Он пошел домой и лег спать, но под утро его разбудило неожиданное сочетание форм, и он встал с постели, чувствуя себя свежим и готовым к работе, и начал угадывать, но видение ускользало и вскоре бросило совсем, оставив на полотне лишь неразбериху мазков. Потом он оделся, умылся и отправился к Августу, который, конечно, его принял, но не так радушно, как вчера.

Все же это было немного навязчиво приходить два дня подряд, к тому же он и денег вчера, кажется, дал. Рицхе был в том же толстом байковом халате, что и вчера, и так же улыбался, но свечения не проступало, вместо него чувствовалась натужность, хотя он, как и вчера, вежливо предложил кофе и коньяк. Но Марк отказался. Он пришел по делу, по очень важному делу, по мере изложения которого выражение лица Августа менялось от внимательного к удивленному, а затем ошарашенному. Впрочем, Марк сразу подошел к сути, сказав, что долго думал над их вчерашним разговором, «вернее, над тем, что вы говорили, Август». Тот сморщил лоб, и Марку пришлось напомнить:

– О пророках, успехе, ну и прочее, – скомкал он, потому что Рицхе уже кивал головой и приговаривал: «Да, да, я помню, конечно».

– И в результате я понял, что вы правы, совершенно правы.

– Конечно… – попытался добавить свое Рицхе, но Марк не дал.

– Я согласен, – сказал он, и Август снова наморщился, не понимая. Он, кажется, ни о чем не просил Штайма.

– Я согласен умереть, Август, – уточнил Марк, видя его замешательство. Но это не было замешательством, это был испуг: Рицхе боялся сумасшедших, а таких среди художников он встречал предостаточно.

– Я не понимаю вас, Марк, – произнес он, немного отстраняясь.

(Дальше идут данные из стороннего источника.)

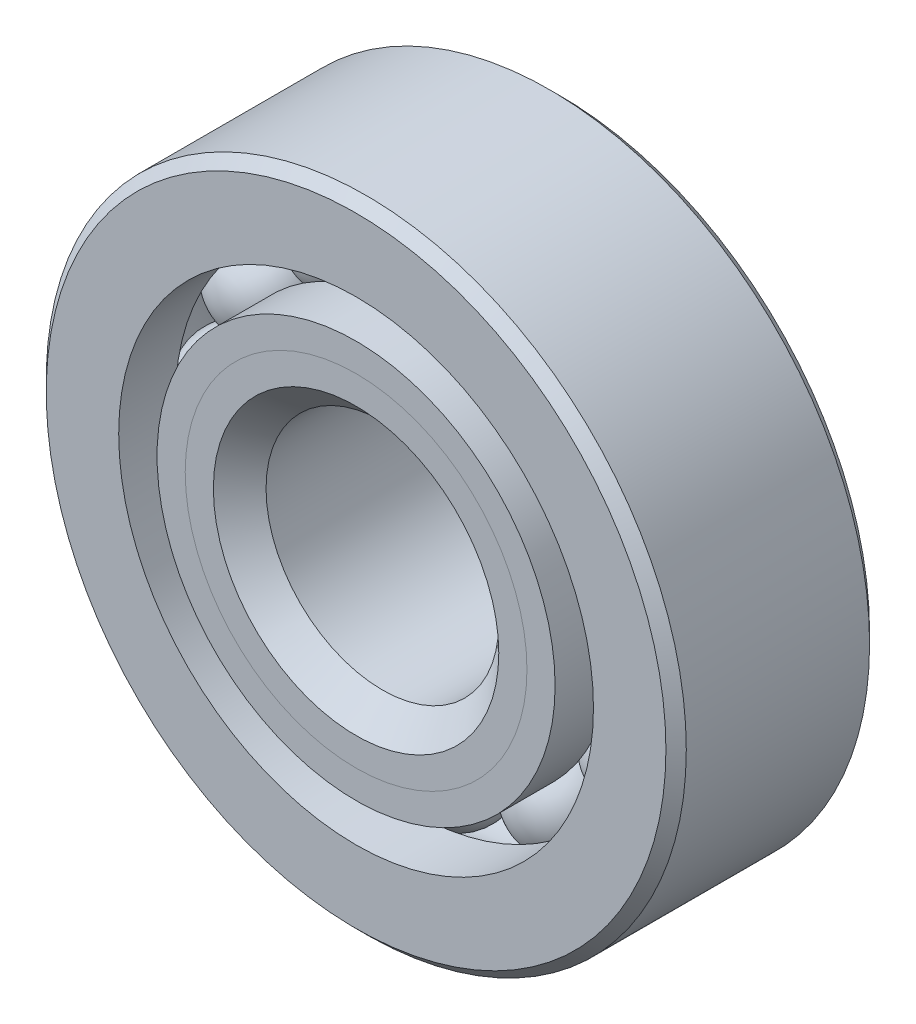
from build123d import *

# Parameters (mm, degrees)
CIRPATTERN1_COUNT = 12


with BuildPart() as part:
    # Sketch1 → Revolve1 (revolve)
    with BuildSketch(Plane(origin=(0, 0, 0), x_dir=(0, 0, -1), z_dir=(1, 0, 0)), mode=Mode.PRIVATE) as revolve1_sk:
        with BuildLine():
            Line((5.000625, 17.4625), (-5.000625, 17.4625))
            Line((-5.000625, 17.4625), (-5.55625, 16.906875))
            Line((-5.55625, 16.906875), (-5.55625, 12.952953297))
            Line((-5.55625, 12.952953297), (-2.469444444, 12.952953297))
            ThreePointArc((-2.469444444, 12.952953297), (0, 14.588365519), (2.469444444, 12.952953297))
            Line((2.469444444, 12.952953297), (5.55625, 12.952953297))
            Line((5.55625, 12.952953297), (5.55625, 16.906875))
            Line((5.55625, 16.906875), (5.000625, 17.4625))
        make_face()
    revolve(revolve1_sk.sketch.rotate(Axis((0, 0, 5.55625), (0, 0, -1)), 90), axis=Axis((0, 0, 5.55625), (0, 0, -1)))  # turned: the seam where the file's is


with BuildPart() as body_2:
    # Sketch2 → Revolve2 (revolve)
    with BuildSketch(Plane(origin=(0, 0, 0), x_dir=(0, 0, -1), z_dir=(1, 0, 0)), mode=Mode.PRIVATE) as revolve2_sk:
        with BuildLine():
            Line((-5.55625, 10.859546703), (-2.469444444, 10.859546703))
            ThreePointArc((-2.469444444, 10.859546703), (-1.480939651, 9.670056492), (0, 9.224134481))
            Line((0, 9.224134481), (0, 7.787067241))
            Line((0, 7.787067241), (-4.020010269, 7.787067241))
            Line((-4.020010269, 7.787067241), (-5.55625, 9.323306972))
            Line((-5.55625, 9.323306972), (-5.55625, 10.859546703))
        make_face()
    revolve(revolve2_sk.sketch.rotate(Axis((0, 0, 5.55625), (0, 0, -1)), 90), axis=Axis((0, 0, 5.55625), (0, 0, -1)))  # turned: the seam where the file's is


with BuildPart() as body_3:
    # Sketch3 → Revolve3 (revolve)
    with BuildSketch(Plane(origin=(0, 0, 0), x_dir=(0, 0, -1), z_dir=(1, 0, 0)), mode=Mode.PRIVATE) as revolve3_sk:
        with BuildLine():
            Line((-5.55625, 9.323306972), (-4.020010269, 7.787067241))
            Line((-4.020010269, 7.787067241), (0, 7.787067241))
            Line((0, 7.787067241), (0, 9.224134481))
            ThreePointArc((0, 9.224134481), (1.480939651, 9.670056492), (2.469444444, 10.859546703))
            Line((2.469444444, 10.859546703), (5.55625, 10.859546703))
            Line((5.55625, 10.859546703), (5.55625, 6.905625))
            Line((5.55625, 6.905625), (5.000625, 6.35))
            Line((5.000625, 6.35), (-4.119182759, 6.35))
            Line((-4.119182759, 6.35), (-5.55625, 7.787067241))
            Line((-5.55625, 7.787067241), (-5.55625, 9.323306972))
        make_face()
    revolve(revolve3_sk.sketch.rotate(Axis((0, 0, 5.55625), (0, 0, -1)), 90), axis=Axis((0, 0, 5.55625), (0, 0, -1)))  # turned: the seam where the file's is


with BuildPart() as body_4:
    # Sketch4 → Revolve4 (revolve)
    with BuildSketch(Plane(origin=(0, 0, 0), x_dir=(0, 0, -1), z_dir=(1, 0, 0))):
        with BuildLine():
            Line((-2.682115519, 11.90625), (2.682115519, 11.90625))
            ThreePointArc((2.682115519, 11.90625), (0, 14.588365519), (-2.682115519, 11.90625))
        make_face()
    revolve(axis=Axis((0, 11.90625, 2.682115519), (0, 0, -1)))


with BuildPart() as cirpattern1_1:
    # CirPattern1: pattern copy
    add(body_4.part.rotate(Axis((0, 0, 0), (0, 0, 1)), 1 * 360 / CIRPATTERN1_COUNT))


with BuildPart() as cirpattern1_2:
    # CirPattern1: pattern copy
    add(body_4.part.rotate(Axis((0, 0, 0), (0, 0, 1)), 2 * 360 / CIRPATTERN1_COUNT))


with BuildPart() as cirpattern1_3:
    # CirPattern1: pattern copy
    add(body_4.part.rotate(Axis((0, 0, 0), (0, 0, 1)), 3 * 360 / CIRPATTERN1_COUNT))


with BuildPart() as cirpattern1_4:
    # CirPattern1: pattern copy
    add(body_4.part.rotate(Axis((0, 0, 0), (0, 0, 1)), 4 * 360 / CIRPATTERN1_COUNT))


with BuildPart() as cirpattern1_5:
    # CirPattern1: pattern copy
    add(body_4.part.rotate(Axis((0, 0, 0), (0, 0, 1)), 5 * 360 / CIRPATTERN1_COUNT))


with BuildPart() as cirpattern1_6:
    # CirPattern1: pattern copy
    add(body_4.part.rotate(Axis((0, 0, 0), (0, 0, 1)), 6 * 360 / CIRPATTERN1_COUNT))


with BuildPart() as cirpattern1_7:
    # CirPattern1: pattern copy
    add(body_4.part.rotate(Axis((0, 0, 0), (0, 0, 1)), 7 * 360 / CIRPATTERN1_COUNT))


with BuildPart() as cirpattern1_8:
    # CirPattern1: pattern copy
    add(body_4.part.rotate(Axis((0, 0, 0), (0, 0, 1)), 8 * 360 / CIRPATTERN1_COUNT))


with BuildPart() as cirpattern1_9:
    # CirPattern1: pattern copy
    add(body_4.part.rotate(Axis((0, 0, 0), (0, 0, 1)), 9 * 360 / CIRPATTERN1_COUNT))


with BuildPart() as cirpattern1_10:
    # CirPattern1: pattern copy
    add(body_4.part.rotate(Axis((0, 0, 0), (0, 0, 1)), 10 * 360 / CIRPATTERN1_COUNT))


with BuildPart() as cirpattern1_11:
    # CirPattern1: pattern copy
    add(body_4.part.rotate(Axis((0, 0, 0), (0, 0, 1)), 11 * 360 / CIRPATTERN1_COUNT))


solid = Compound([part.part, body_2.part, body_3.part, body_4.part, cirpattern1_1.part, cirpattern1_2.part, cirpattern1_3.part, cirpattern1_4.part, cirpattern1_5.part, cirpattern1_6.part, cirpattern1_7.part, cirpattern1_8.part, cirpattern1_9.part, cirpattern1_10.part, cirpattern1_11.part])

– Что здесь непонятного? Все очень просто. Мы идем к адвокату и подписываем бумагу, что в случае моей смерти вы получаете все мои картины, их у меня около двух сотен, 186, если быть точным, и реализуете их по ценам, вами же и определенным. Половину суммы вы оставляете себе, а половину переводите на счет в банке, который я укажу в договоре. Вот и все.

– Что за счет? – спросил Рицхе, сознавая, что это самый нелепый и самый несущественный вопрос из всех, которые он хотел задать. Но он ничего не мог поделать с собой, он смотрел на этого рыжего, длинного, несуразного Марка и не мог понять, шутит тот или сошел с ума.

– Какая вам разница? – ответил Марк вопросом. – Только не спешите с продажами, вы же сами сказали, что после смерти пророка его пророчества не имеют цены.

– Я так не говорил, – сказал Рицхе, но оба они знали, что формулировка несущественна: мысль подразумевалась именно такая.

Самое страшное для Рицхе заключалось в том, что Штайм говорил нормальным голосом, сдержанно и разумно, в нем не прослеживались обычные признаки безумия, нервная дрожь в голосе или лихорадочный блеск в глазах.

– Послушайте, Марк, – начал Рицхе осторожно, – вы молоды, у вас еще все впереди, и вы создадите много прекрасных картин. В вашей жизни будет много радостей, – он запнулся, вспоминая: любовь, творчество, природа, книги, красота, – он вытягивал из себя одно удовольствие за другим, как бы делясь каждым из них, – хотя бы этот коньяк, или запах хороших духов, или хорошая сигара, да мало ли. К тому же…

Но Марк перебил его.

– Вы же умный человек, Август, к тому же чуткий, понимающий. К чему эти банальности? Я достаточно написал и должен уйти, зачем оттягивать, ведь только мои картины имеют значение. Вы же знаете, что для меня не существует коньяка, духов, даже любви – только моя работа. К тому же стареть и умирать в безвестности и нищете, не признанным, попрошайкой, которого все жалеют?! Зачем? Пусть меня запомнят таким, какой я есть, чуть странным, чудаковатым, но пророком. Вы ведь так говорили?